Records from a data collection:
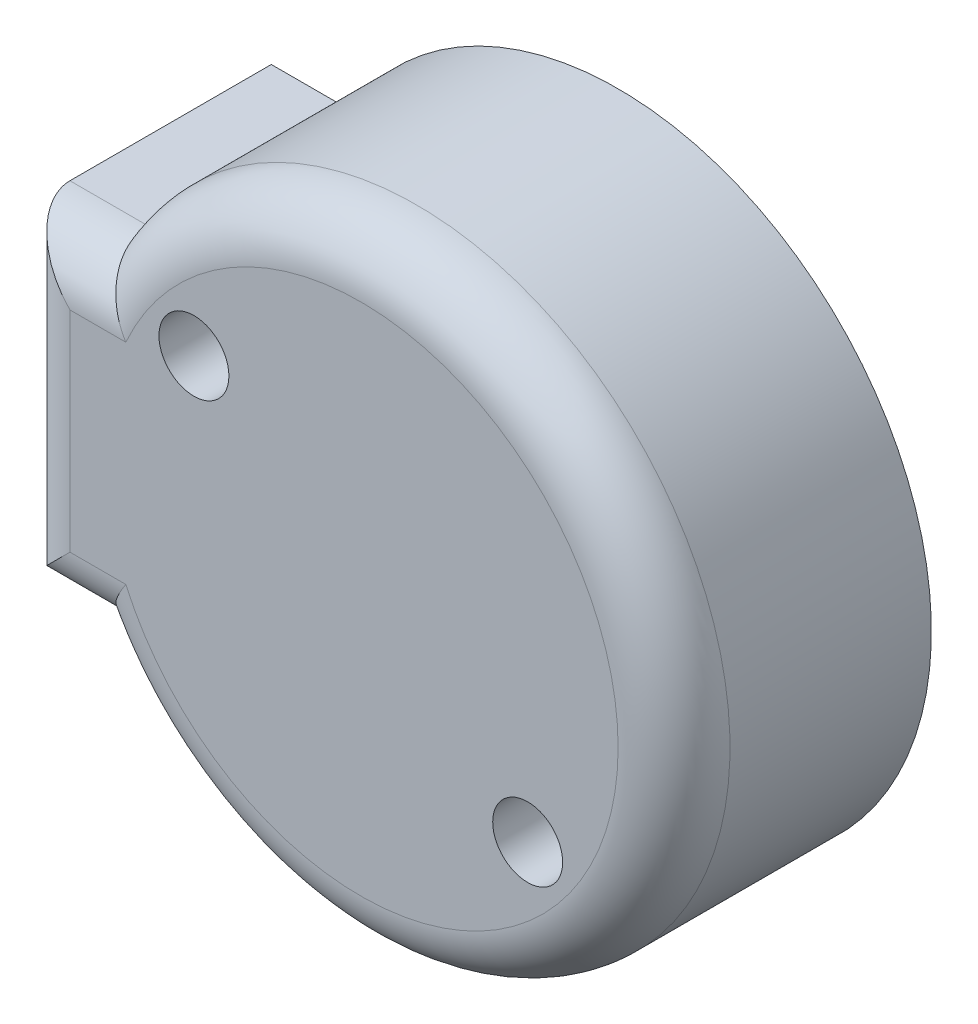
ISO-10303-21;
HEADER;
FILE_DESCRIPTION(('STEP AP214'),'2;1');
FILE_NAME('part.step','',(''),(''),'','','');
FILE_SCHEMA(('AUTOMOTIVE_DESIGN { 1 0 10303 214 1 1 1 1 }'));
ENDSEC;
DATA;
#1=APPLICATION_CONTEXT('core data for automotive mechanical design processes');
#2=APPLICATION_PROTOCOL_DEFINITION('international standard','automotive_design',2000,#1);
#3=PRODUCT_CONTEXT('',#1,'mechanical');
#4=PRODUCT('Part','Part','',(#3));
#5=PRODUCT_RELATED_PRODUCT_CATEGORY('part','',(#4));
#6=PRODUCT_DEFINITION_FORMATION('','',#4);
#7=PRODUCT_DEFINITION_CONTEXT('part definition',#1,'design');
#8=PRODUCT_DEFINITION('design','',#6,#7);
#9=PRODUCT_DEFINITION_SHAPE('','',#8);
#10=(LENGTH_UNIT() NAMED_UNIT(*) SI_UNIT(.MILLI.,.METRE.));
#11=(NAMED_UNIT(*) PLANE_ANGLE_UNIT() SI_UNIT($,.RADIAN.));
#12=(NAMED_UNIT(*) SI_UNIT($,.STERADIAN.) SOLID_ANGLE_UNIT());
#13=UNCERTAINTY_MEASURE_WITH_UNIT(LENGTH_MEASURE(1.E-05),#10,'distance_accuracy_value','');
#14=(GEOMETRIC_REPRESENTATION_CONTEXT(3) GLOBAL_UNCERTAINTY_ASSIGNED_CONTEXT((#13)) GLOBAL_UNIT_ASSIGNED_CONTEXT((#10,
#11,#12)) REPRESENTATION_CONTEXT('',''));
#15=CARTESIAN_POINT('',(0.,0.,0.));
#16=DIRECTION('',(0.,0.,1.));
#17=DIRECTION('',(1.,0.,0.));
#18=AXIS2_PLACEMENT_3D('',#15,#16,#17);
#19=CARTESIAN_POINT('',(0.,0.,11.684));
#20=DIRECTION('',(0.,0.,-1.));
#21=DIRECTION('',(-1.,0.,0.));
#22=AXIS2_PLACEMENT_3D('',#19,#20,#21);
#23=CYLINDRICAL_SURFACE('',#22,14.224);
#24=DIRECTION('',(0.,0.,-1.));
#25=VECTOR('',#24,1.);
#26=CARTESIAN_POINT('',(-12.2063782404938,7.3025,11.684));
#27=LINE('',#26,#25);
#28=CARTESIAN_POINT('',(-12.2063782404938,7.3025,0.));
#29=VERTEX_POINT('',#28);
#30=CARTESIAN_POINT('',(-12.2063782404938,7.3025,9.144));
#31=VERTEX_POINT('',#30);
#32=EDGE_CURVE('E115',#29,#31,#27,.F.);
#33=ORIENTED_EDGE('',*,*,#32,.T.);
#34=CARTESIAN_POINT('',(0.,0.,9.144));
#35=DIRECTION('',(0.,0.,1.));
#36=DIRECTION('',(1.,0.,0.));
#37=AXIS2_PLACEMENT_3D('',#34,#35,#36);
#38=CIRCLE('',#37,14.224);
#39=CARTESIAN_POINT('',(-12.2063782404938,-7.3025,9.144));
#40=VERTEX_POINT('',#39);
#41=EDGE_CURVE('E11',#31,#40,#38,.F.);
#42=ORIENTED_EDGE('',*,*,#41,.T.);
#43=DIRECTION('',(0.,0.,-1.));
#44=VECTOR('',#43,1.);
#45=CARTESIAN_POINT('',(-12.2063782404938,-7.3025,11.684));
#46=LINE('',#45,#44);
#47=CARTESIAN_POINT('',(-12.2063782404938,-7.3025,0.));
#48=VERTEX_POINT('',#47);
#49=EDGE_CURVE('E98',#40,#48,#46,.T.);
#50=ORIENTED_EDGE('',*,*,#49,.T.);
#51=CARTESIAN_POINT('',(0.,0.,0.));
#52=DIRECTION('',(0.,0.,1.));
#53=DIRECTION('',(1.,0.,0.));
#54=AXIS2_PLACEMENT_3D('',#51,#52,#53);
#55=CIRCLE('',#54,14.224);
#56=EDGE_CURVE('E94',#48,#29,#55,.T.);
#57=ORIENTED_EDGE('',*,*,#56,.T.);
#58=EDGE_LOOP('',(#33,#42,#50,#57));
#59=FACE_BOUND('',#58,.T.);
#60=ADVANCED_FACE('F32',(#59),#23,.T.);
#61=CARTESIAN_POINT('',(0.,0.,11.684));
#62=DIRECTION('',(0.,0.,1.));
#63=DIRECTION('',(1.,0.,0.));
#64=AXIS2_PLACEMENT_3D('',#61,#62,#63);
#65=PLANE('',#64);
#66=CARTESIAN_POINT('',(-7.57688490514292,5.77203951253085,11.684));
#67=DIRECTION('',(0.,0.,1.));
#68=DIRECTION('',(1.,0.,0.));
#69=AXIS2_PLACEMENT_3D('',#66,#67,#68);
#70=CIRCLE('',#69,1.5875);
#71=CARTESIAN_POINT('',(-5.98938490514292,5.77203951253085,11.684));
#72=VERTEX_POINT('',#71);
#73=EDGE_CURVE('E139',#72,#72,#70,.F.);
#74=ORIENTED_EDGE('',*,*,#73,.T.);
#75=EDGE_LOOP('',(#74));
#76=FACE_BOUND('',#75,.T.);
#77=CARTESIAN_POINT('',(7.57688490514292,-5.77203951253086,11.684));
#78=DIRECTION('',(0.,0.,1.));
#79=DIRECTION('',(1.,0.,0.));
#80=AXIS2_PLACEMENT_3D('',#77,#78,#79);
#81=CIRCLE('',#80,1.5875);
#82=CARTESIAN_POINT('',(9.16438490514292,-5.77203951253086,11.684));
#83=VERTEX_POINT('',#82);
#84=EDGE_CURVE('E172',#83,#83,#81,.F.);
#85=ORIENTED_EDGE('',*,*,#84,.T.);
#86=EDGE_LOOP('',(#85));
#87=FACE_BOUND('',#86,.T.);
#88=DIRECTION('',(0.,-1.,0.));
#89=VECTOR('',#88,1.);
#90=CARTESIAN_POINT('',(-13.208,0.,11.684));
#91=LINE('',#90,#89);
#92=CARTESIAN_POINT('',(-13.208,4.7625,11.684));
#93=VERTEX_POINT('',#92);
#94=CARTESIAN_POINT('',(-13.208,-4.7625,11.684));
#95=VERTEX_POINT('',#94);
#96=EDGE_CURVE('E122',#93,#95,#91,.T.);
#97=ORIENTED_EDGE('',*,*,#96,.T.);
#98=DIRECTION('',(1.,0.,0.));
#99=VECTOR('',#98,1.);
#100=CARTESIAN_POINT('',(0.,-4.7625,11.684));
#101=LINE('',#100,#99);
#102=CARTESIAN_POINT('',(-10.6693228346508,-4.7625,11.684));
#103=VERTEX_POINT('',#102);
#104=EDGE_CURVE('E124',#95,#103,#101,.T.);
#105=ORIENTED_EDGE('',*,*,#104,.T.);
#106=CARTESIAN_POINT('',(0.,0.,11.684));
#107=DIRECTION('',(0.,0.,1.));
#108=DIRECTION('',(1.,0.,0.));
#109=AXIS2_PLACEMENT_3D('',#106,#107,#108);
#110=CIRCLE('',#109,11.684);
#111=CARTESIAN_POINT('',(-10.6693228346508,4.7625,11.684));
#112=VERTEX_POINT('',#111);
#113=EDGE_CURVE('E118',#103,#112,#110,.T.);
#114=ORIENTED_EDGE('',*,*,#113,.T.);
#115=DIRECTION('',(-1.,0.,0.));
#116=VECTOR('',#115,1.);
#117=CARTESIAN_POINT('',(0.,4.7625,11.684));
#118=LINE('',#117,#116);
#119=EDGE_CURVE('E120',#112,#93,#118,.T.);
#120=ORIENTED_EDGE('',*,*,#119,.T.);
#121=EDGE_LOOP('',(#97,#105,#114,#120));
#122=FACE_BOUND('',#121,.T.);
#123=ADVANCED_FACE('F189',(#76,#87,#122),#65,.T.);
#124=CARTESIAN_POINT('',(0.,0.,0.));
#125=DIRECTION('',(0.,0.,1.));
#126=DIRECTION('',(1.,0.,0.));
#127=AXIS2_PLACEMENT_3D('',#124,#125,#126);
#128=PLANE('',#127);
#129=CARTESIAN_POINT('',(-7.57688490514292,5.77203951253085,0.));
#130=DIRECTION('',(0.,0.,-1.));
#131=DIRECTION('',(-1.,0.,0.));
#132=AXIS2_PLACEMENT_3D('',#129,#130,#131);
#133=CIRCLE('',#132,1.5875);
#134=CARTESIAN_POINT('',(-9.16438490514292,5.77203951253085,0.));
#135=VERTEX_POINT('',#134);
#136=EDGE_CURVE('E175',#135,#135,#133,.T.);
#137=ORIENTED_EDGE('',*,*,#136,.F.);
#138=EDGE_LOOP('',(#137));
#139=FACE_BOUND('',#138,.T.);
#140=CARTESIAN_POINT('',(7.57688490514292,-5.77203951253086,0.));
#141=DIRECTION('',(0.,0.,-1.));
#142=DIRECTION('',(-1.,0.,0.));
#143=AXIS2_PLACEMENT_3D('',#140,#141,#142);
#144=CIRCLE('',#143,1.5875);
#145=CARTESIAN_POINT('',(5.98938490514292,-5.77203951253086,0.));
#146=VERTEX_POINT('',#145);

| Aim of the task |
Only one stretch of the records above is wanted: the lines between the one holding "FILE_NAME('part.step','',(''),(''),'','','');" and the one holding "#22=AXIS2_PLACEMENT_3D('',#19,#20,#21);", inclusive, reproduced exactly.

| Expected answer |
FILE_NAME('part.step','',(''),(''),'','','');
FILE_SCHEMA(('AUTOMOTIVE_DESIGN { 1 0 10303 214 1 1 1 1 }'));
ENDSEC;
DATA;
#1=APPLICATION_CONTEXT('core data for automotive mechanical design processes');
#2=APPLICATION_PROTOCOL_DEFINITION('international standard','automotive_design',2000,#1);
#3=PRODUCT_CONTEXT('',#1,'mechanical');
#4=PRODUCT('Part','Part','',(#3));
#5=PRODUCT_RELATED_PRODUCT_CATEGORY('part','',(#4));
#6=PRODUCT_DEFINITION_FORMATION('','',#4);
#7=PRODUCT_DEFINITION_CONTEXT('part definition',#1,'design');
#8=PRODUCT_DEFINITION('design','',#6,#7);
#9=PRODUCT_DEFINITION_SHAPE('','',#8);
#10=(LENGTH_UNIT() NAMED_UNIT(*) SI_UNIT(.MILLI.,.METRE.));
#11=(NAMED_UNIT(*) PLANE_ANGLE_UNIT() SI_UNIT($,.RADIAN.));
#12=(NAMED_UNIT(*) SI_UNIT($,.STERADIAN.) SOLID_ANGLE_UNIT());
#13=UNCERTAINTY_MEASURE_WITH_UNIT(LENGTH_MEASURE(1.E-05),#10,'distance_accuracy_value','');
#14=(GEOMETRIC_REPRESENTATION_CONTEXT(3) GLOBAL_UNCERTAINTY_ASSIGNED_CONTEXT((#13)) GLOBAL_UNIT_ASSIGNED_CONTEXT((#10,
#11,#12)) REPRESENTATION_CONTEXT('',''));
#15=CARTESIAN_POINT('',(0.,0.,0.));
#16=DIRECTION('',(0.,0.,1.));
#17=DIRECTION('',(1.,0.,0.));
#18=AXIS2_PLACEMENT_3D('',#15,#16,#17);
#19=CARTESIAN_POINT('',(0.,0.,11.684));
#20=DIRECTION('',(0.,0.,-1.));
#21=DIRECTION('',(-1.,0.,0.));
#22=AXIS2_PLACEMENT_3D('',#19,#20,#21);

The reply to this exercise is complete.